29.11.13

Restaurantes "bem" que cómónicam "mal"

Sou um tipo bastante tolerante no que à ortografia diz respeito até porque ninguém é isento de falhas, começando por mim. Não raras vezes publico coisas sem reler devidamente e arrisco a gralhar que nem um leão (a errar também, mas em dose menor).

É certo que a Internet em modo social também criou a polícia do erro mas, em boa parte dos casos, o que acho mal em quem corrige alguém é quando faz disso um espectáculo ou fogueira em praça pública, quando há formas mais privadas de o fazer. Uma coisa é ajudar os outros a melhorar, outra é apenas mostrar que se é melhor.

No entanto, tudo isto que acabei de dizer é algo que aplico à comunicação informal. Quando se trata do campo profissional sou bem menos tolerante, começando novamente por mim. E nada me irrita mais do que empresas/negócios/serviços que comunicam mal, tratando o português com os pés. A meu ver, por norma isso é um reflexo da atenção que dão aos detalhes do seu negócio e, por vezes, de falta de humildade perante a necessidade de passar os conteúdos que produzem por alguém competente na matéria ou, no limite, por mais do que um par de olhos.

Eis um exemplo:

Acabo de ser abordado digitalmente por um restaurante armado ao moderno, daqueles que têm uma palavra em inglês no seu nome e terminam o mesmo com uma cena de status tipo Bar, Grill, Club ou coisa que o valha. A comunicação foi feita para várias empresas e dizem-me que se estiver a pensar fazer um jantar de Natal, eles devem ser tidos em conta. E eu, que também como com os olhos, fui ler.

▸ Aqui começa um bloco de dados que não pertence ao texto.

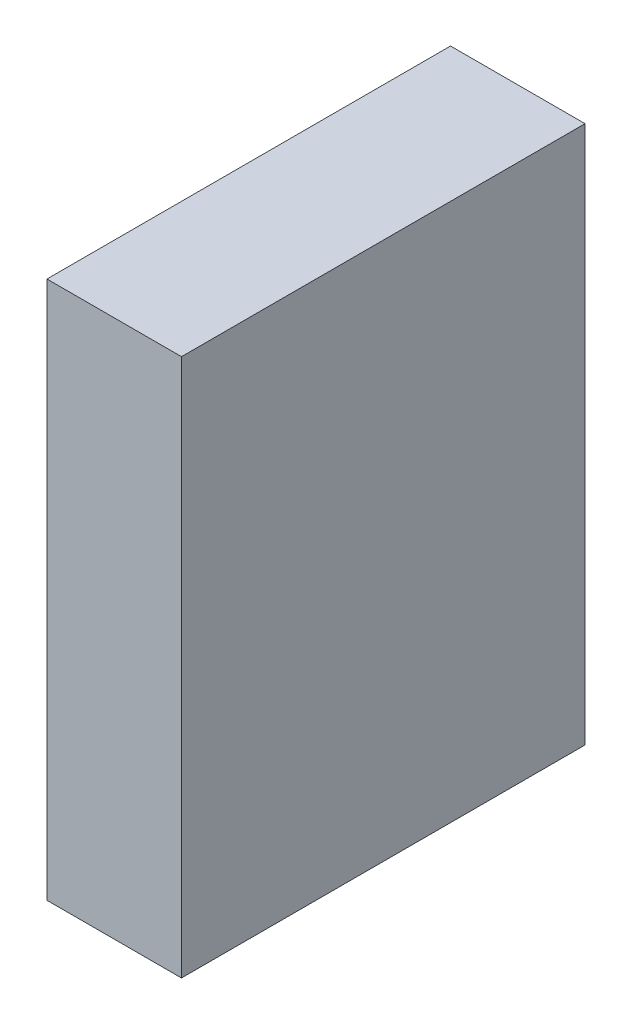
ISO-10303-21;
HEADER;
FILE_DESCRIPTION(('STEP AP214'),'2;1');
FILE_NAME('part.step','',(''),(''),'','','');
FILE_SCHEMA(('AUTOMOTIVE_DESIGN { 1 0 10303 214 1 1 1 1 }'));
ENDSEC;
DATA;
#1=APPLICATION_CONTEXT('core data for automotive mechanical design processes');
#2=APPLICATION_PROTOCOL_DEFINITION('international standard','automotive_design',2000,#1);
#3=PRODUCT_CONTEXT('',#1,'mechanical');
#4=PRODUCT('Part','Part','',(#3));
#5=PRODUCT_RELATED_PRODUCT_CATEGORY('part','',(#4));
#6=PRODUCT_DEFINITION_FORMATION('','',#4);
#7=PRODUCT_DEFINITION_CONTEXT('part definition',#1,'design');
#8=PRODUCT_DEFINITION('design','',#6,#7);
#9=PRODUCT_DEFINITION_SHAPE('','',#8);
#10=(LENGTH_UNIT() NAMED_UNIT(*) SI_UNIT(.MILLI.,.METRE.));
#11=(NAMED_UNIT(*) PLANE_ANGLE_UNIT() SI_UNIT($,.RADIAN.));
#12=(NAMED_UNIT(*) SI_UNIT($,.STERADIAN.) SOLID_ANGLE_UNIT());
#13=UNCERTAINTY_MEASURE_WITH_UNIT(LENGTH_MEASURE(1.E-05),#10,'distance_accuracy_value','');
#14=(GEOMETRIC_REPRESENTATION_CONTEXT(3) GLOBAL_UNCERTAINTY_ASSIGNED_CONTEXT((#13)) GLOBAL_UNIT_ASSIGNED_CONTEXT((#10,
#11,#12)) REPRESENTATION_CONTEXT('',''));
#15=CARTESIAN_POINT('',(0.,0.,0.));
#16=DIRECTION('',(0.,0.,1.));
#17=DIRECTION('',(1.,0.,0.));
#18=AXIS2_PLACEMENT_3D('',#15,#16,#17);
#19=CARTESIAN_POINT('',(125.,500.,750.));
#20=DIRECTION('',(0.,-1.,0.));
#21=DIRECTION('',(0.,0.,-1.));
#22=AXIS2_PLACEMENT_3D('',#19,#20,#21);
#23=PLANE('',#22);
#24=DIRECTION('',(-1.,0.,0.));
#25=VECTOR('',#24,1.);
#26=CARTESIAN_POINT('',(125.,500.,0.));
#27=LINE('',#26,#25);
#28=CARTESIAN_POINT('',(125.,500.,0.));
#29=VERTEX_POINT('',#28);
#30=CARTESIAN_POINT('',(-125.,500.,0.));
#31=VERTEX_POINT('',#30);
#32=EDGE_CURVE('E105',#29,#31,#27,.T.);
#33=ORIENTED_EDGE('',*,*,#32,.T.);
#34=DIRECTION('',(0.,0.,-1.));
#35=VECTOR('',#34,1.);
#36=CARTESIAN_POINT('',(-125.,500.,750.));
#37=LINE('',#36,#35);
#38=CARTESIAN_POINT('',(-125.,500.,750.));
#39=VERTEX_POINT('',#38);
#40=EDGE_CURVE('E11',#39,#31,#37,.T.);
#41=ORIENTED_EDGE('',*,*,#40,.F.);
#42=DIRECTION('',(-1.,0.,0.));
#43=VECTOR('',#42,1.);
#44=CARTESIAN_POINT('',(125.,500.,750.));
#45=LINE('',#44,#43);
#46=CARTESIAN_POINT('',(125.,500.,750.));
#47=VERTEX_POINT('',#46);
#48=EDGE_CURVE('E89',#47,#39,#45,.T.);
#49=ORIENTED_EDGE('',*,*,#48,.F.);
#50=DIRECTION('',(0.,0.,-1.));
#51=VECTOR('',#50,1.);
#52=CARTESIAN_POINT('',(125.,500.,750.));
#53=LINE('',#52,#51);
#54=EDGE_CURVE('E97',#47,#29,#53,.T.);
#55=ORIENTED_EDGE('',*,*,#54,.T.);
#56=EDGE_LOOP('',(#33,#41,#49,#55));
#57=FACE_BOUND('',#56,.T.);
#58=ADVANCED_FACE('F39',(#57),#23,.F.);
#59=CARTESIAN_POINT('',(-125.,-500.,750.));
#60=DIRECTION('',(1.,0.,0.));
#61=DIRECTION('',(0.,0.,-1.));
#62=AXIS2_PLACEMENT_3D('',#59,#60,#61);
#63=PLANE('',#62);
#64=DIRECTION('',(0.,-1.,0.));
#65=VECTOR('',#64,1.);
#66=CARTESIAN_POINT('',(-125.,-500.,0.));
#67=LINE('',#66,#65);
#68=CARTESIAN_POINT('',(-125.,-500.,0.));
#69=VERTEX_POINT('',#68);
#70=EDGE_CURVE('E92',#31,#69,#67,.T.);
#71=ORIENTED_EDGE('',*,*,#70,.T.);
#72=DIRECTION('',(0.,0.,-1.));
#73=VECTOR('',#72,1.);
#74=CARTESIAN_POINT('',(-125.,-500.,750.));
#75=LINE('',#74,#73);
#76=CARTESIAN_POINT('',(-125.,-500.,750.));
#77=VERTEX_POINT('',#76);
#78=EDGE_CURVE('E50',#77,#69,#75,.T.);
#79=ORIENTED_EDGE('',*,*,#78,.F.);
#80=DIRECTION('',(0.,-1.,0.));
#81=VECTOR('',#80,1.);
#82=CARTESIAN_POINT('',(-125.,-500.,750.));
#83=LINE('',#82,#81);
#84=EDGE_CURVE('E82',#39,#77,#83,.T.);
#85=ORIENTED_EDGE('',*,*,#84,.F.);
#86=ORIENTED_EDGE('',*,*,#40,.T.);
#87=EDGE_LOOP('',(#71,#79,#85,#86));
#88=FACE_BOUND('',#87,.T.);
#89=ADVANCED_FACE('F93',(#88),#63,.F.);
#90=CARTESIAN_POINT('',(125.,-500.,750.));
#91=DIRECTION('',(0.,1.,0.));
#92=DIRECTION('',(0.,0.,1.));
#93=AXIS2_PLACEMENT_3D('',#90,#91,#92);
#94=PLANE('',#93);
#95=DIRECTION('',(1.,0.,0.));
#96=VECTOR('',#95,1.);
#97=CARTESIAN_POINT('',(125.,-500.,0.));
#98=LINE('',#97,#96);
#99=CARTESIAN_POINT('',(125.,-500.,0.));
#100=VERTEX_POINT('',#99);
#101=EDGE_CURVE('E75',#69,#100,#98,.T.);
#102=ORIENTED_EDGE('',*,*,#101,.T.);
#103=DIRECTION('',(0.,0.,-1.));
#104=VECTOR('',#103,1.);
#105=CARTESIAN_POINT('',(125.,-500.,750.));
#106=LINE('',#105,#104);
#107=CARTESIAN_POINT('',(125.,-500.,750.));
#108=VERTEX_POINT('',#107);
#109=EDGE_CURVE('E94',#108,#100,#106,.T.);
#110=ORIENTED_EDGE('',*,*,#109,.F.);
#111=DIRECTION('',(1.,0.,0.));
#112=VECTOR('',#111,1.);
#113=CARTESIAN_POINT('',(125.,-500.,750.));
#114=LINE('',#113,#112);
#115=EDGE_CURVE('E88',#77,#108,#114,.T.);
#116=ORIENTED_EDGE('',*,*,#115,.F.);
#117=ORIENTED_EDGE('',*,*,#78,.T.);
#118=EDGE_LOOP('',(#102,#110,#116,#117));
#119=FACE_BOUND('',#118,.T.);
#120=ADVANCED_FACE('F96',(#119),#94,.F.);
#121=CARTESIAN_POINT('',(125.,-500.,750.));
#122=DIRECTION('',(-1.,0.,0.));
#123=DIRECTION('',(0.,0.,1.));
#124=AXIS2_PLACEMENT_3D('',#121,#122,#123);
#125=PLANE('',#124);
#126=DIRECTION('',(0.,1.,0.));
#127=VECTOR('',#126,1.);
#128=CARTESIAN_POINT('',(125.,-500.,0.));
#129=LINE('',#128,#127);
#130=EDGE_CURVE('E76',#100,#29,#129,.T.);
#131=ORIENTED_EDGE('',*,*,#130,.T.);
#132=ORIENTED_EDGE('',*,*,#54,.F.);
#133=DIRECTION('',(0.,1.,0.));
#134=VECTOR('',#133,1.);
#135=CARTESIAN_POINT('',(125.,-500.,750.));
#136=LINE('',#135,#134);
#137=EDGE_CURVE('E54',#108,#47,#136,.T.);
#138=ORIENTED_EDGE('',*,*,#137,.F.);
#139=ORIENTED_EDGE('',*,*,#109,.T.);
#140=EDGE_LOOP('',(#131,#132,#138,#139));
#141=FACE_BOUND('',#140,.T.);
#142=ADVANCED_FACE('F107',(#141),#125,.F.);
#143=CARTESIAN_POINT('',(0.,0.,750.));
#144=DIRECTION('',(0.,0.,-1.));
#145=DIRECTION('',(-1.,0.,0.));
#146=AXIS2_PLACEMENT_3D('',#143,#144,#145);
#147=PLANE('',#146);
#148=ORIENTED_EDGE('',*,*,#48,.T.);
#149=ORIENTED_EDGE('',*,*,#84,.T.);
#150=ORIENTED_EDGE('',*,*,#115,.T.);
#151=ORIENTED_EDGE('',*,*,#137,.T.);
#152=EDGE_LOOP('',(#148,#149,#150,#151));
#153=FACE_BOUND('',#152,.T.);
#154=ADVANCED_FACE('F86',(#153),#147,.F.);
#155=CARTESIAN_POINT('',(0.,0.,0.));
#156=DIRECTION('',(0.,0.,-1.));
#157=DIRECTION('',(-1.,0.,0.));
#158=AXIS2_PLACEMENT_3D('',#155,#156,#157);
#159=PLANE('',#158);
#160=ORIENTED_EDGE('',*,*,#32,.F.);
#161=ORIENTED_EDGE('',*,*,#130,.F.);
#162=ORIENTED_EDGE('',*,*,#101,.F.);
#163=ORIENTED_EDGE('',*,*,#70,.F.);
#164=EDGE_LOOP('',(#160,#161,#162,#163));
#165=FACE_BOUND('',#164,.T.);
#166=ADVANCED_FACE('F115',(#165),#159,.T.);
#167=CLOSED_SHELL('',(#58,#89,#120,#142,#154,#166));
#168=MANIFOLD_SOLID_BREP('B2',#167);
#169=ADVANCED_BREP_SHAPE_REPRESENTATION('',(#18,#168),#14);
#170=SHAPE_DEFINITION_REPRESENTATION(#9,#169);
ENDSEC;
END-ISO-10303-21;

No meio da oferta toda, em que inclusive o nome dos DJ's residentes me é avançado como se fossem os meus vizinhos de baixo, a minha curiosidade fica em alerta em relação ao método proposto de bebidas "á" "descrição".

Será um divertido método em que eu descrevo uma bebida como a imagino e eles me servem a dita cuja ou trata-se apenas uma variante gráfica do clássico serviço de bar à discrição?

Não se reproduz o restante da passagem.